-- PROVIDED RECORDS follows --

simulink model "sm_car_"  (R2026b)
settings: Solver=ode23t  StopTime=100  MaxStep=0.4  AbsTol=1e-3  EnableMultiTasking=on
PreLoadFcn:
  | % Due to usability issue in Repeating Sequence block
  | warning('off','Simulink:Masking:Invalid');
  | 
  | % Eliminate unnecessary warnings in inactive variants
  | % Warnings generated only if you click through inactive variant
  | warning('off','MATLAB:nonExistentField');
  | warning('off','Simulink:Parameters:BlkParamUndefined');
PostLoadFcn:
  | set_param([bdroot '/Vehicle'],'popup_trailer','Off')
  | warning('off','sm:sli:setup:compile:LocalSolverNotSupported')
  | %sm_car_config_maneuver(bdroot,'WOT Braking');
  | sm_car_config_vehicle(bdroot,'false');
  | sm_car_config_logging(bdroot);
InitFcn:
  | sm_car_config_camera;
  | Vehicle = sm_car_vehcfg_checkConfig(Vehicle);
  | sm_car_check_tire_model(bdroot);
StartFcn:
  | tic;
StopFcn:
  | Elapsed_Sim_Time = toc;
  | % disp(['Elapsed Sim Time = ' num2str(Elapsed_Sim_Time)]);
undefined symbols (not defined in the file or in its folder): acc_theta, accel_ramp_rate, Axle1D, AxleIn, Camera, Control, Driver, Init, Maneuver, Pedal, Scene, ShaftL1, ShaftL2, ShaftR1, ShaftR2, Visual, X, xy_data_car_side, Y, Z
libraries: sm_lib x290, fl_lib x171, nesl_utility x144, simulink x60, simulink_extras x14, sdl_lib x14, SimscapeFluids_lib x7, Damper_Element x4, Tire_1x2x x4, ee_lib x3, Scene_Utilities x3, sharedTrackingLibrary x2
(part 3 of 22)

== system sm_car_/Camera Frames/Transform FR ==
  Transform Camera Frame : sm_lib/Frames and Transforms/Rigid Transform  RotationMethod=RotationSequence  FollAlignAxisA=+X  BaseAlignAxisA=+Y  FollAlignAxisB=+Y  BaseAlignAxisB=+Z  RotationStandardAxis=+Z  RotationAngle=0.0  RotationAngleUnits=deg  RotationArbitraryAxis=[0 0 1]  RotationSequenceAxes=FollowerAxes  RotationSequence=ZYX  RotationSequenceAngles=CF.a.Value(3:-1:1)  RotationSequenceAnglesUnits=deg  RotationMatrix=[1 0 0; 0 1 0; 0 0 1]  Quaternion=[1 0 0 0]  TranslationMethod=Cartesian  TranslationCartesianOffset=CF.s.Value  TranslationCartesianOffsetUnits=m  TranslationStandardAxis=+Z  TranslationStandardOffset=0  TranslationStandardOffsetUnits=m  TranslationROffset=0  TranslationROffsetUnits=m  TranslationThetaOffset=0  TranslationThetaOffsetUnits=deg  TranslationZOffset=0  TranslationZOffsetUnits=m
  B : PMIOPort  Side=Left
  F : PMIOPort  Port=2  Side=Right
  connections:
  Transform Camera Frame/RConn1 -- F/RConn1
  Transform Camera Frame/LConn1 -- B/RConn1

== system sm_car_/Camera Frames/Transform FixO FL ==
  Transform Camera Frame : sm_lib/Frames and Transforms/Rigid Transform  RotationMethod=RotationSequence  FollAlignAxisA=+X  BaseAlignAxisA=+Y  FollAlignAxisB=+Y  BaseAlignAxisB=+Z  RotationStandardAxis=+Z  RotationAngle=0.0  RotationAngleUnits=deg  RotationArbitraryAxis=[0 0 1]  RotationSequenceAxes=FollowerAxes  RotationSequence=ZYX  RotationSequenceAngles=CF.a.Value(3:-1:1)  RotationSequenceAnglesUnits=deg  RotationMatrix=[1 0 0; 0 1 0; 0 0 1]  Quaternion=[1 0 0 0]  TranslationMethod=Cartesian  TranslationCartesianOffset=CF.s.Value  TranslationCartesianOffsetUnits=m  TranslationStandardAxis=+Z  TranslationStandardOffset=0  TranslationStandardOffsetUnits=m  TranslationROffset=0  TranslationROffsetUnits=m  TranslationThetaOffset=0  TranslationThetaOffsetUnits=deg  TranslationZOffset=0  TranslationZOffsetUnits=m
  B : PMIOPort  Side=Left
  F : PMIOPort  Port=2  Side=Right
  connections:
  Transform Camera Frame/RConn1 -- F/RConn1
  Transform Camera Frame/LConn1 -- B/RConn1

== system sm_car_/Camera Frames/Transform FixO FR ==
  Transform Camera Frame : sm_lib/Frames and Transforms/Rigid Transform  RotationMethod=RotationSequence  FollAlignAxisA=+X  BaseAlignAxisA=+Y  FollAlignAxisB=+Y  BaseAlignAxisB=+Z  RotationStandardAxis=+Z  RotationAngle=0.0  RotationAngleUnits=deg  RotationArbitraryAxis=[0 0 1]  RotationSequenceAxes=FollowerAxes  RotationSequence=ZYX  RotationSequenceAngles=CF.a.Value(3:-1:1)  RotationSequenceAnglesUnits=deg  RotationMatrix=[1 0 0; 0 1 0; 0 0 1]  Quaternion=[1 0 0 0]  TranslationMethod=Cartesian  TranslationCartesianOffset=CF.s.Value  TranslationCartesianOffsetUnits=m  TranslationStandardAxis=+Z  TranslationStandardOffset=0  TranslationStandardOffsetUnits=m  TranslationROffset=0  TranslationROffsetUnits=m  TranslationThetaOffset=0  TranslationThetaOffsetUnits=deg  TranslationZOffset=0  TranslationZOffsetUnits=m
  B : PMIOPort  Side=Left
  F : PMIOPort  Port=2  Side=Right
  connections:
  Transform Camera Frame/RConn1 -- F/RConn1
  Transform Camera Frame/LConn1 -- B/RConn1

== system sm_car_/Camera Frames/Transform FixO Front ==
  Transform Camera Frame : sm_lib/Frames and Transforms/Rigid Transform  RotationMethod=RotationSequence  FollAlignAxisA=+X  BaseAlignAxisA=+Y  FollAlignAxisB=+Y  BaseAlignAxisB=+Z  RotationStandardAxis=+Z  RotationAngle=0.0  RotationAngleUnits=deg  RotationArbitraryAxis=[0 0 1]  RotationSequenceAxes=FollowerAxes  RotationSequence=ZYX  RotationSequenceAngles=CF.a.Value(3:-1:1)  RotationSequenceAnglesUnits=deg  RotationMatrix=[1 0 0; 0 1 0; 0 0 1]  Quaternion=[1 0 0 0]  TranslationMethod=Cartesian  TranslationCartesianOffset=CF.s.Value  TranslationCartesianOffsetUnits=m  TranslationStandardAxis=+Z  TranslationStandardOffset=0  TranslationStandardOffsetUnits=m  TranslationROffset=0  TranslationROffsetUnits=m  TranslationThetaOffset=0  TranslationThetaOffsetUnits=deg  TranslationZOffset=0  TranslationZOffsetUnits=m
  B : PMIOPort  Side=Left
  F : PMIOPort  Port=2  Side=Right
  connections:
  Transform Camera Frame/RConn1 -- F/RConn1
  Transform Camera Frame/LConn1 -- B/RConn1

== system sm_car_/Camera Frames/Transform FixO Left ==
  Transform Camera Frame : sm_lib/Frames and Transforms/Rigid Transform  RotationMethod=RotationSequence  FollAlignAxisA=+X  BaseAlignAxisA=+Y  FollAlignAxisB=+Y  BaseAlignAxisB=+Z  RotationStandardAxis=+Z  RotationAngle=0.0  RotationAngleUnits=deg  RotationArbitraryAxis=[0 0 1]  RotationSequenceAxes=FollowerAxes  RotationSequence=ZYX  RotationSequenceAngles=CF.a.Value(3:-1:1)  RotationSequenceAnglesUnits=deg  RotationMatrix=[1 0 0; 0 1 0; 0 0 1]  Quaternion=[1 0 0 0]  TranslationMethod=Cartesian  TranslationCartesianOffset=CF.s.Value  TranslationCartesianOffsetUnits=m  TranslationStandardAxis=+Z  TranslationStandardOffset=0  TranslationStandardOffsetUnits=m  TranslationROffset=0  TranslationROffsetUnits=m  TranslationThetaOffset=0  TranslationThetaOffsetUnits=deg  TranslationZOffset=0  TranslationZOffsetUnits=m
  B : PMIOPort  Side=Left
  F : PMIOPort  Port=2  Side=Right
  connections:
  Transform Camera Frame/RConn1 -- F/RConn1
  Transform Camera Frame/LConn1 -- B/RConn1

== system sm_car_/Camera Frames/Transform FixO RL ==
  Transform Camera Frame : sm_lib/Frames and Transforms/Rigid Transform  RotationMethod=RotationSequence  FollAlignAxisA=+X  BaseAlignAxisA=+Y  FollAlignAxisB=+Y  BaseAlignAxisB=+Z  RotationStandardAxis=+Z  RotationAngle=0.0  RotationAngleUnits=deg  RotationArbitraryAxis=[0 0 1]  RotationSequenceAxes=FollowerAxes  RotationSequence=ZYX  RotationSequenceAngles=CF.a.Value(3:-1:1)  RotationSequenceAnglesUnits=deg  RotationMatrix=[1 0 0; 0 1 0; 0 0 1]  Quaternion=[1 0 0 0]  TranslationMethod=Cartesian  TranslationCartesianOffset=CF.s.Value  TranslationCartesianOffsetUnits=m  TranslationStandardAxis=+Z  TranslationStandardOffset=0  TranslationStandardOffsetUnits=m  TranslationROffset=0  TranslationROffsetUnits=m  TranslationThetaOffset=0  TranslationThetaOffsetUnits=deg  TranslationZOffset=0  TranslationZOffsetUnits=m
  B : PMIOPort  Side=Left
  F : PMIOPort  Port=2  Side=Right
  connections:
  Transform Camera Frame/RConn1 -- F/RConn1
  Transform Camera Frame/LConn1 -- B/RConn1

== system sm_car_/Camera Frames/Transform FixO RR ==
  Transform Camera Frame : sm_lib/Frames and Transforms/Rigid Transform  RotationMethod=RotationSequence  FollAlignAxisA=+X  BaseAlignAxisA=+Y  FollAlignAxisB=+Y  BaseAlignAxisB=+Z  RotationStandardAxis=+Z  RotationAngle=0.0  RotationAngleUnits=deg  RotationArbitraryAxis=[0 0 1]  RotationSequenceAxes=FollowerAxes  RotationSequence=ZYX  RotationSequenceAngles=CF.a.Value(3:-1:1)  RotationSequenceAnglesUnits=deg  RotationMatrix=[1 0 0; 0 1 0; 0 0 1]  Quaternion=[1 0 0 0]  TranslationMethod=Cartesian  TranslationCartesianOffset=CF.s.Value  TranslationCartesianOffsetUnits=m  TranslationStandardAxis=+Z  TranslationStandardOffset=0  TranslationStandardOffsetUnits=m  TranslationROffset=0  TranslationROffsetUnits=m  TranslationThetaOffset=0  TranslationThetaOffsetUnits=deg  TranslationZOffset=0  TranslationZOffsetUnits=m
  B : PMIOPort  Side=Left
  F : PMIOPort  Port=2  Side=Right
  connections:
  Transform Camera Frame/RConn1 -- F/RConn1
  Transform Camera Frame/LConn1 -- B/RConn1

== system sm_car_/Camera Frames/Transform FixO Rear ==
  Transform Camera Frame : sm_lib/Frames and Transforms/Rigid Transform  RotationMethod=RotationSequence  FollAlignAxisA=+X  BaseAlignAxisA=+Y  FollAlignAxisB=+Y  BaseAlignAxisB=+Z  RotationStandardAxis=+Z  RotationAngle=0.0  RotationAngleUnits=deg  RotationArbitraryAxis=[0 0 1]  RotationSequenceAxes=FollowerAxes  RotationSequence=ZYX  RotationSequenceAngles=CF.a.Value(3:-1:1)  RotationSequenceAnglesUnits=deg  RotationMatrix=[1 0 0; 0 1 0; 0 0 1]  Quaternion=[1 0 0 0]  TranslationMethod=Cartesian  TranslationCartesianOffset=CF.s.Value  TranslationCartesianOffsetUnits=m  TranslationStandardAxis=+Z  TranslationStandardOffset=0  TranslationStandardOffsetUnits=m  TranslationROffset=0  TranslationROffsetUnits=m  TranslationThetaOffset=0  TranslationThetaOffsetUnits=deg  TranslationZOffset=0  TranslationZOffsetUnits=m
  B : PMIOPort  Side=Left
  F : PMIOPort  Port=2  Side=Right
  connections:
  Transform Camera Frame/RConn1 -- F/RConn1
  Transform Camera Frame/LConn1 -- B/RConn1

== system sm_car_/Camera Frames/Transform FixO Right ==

-- PROVIDED RECORDS concluded --

■ AIM OF THE EXERCISE: Determine how many lines of the listing hold the word "system", then write only that number.

■ REPLY: 9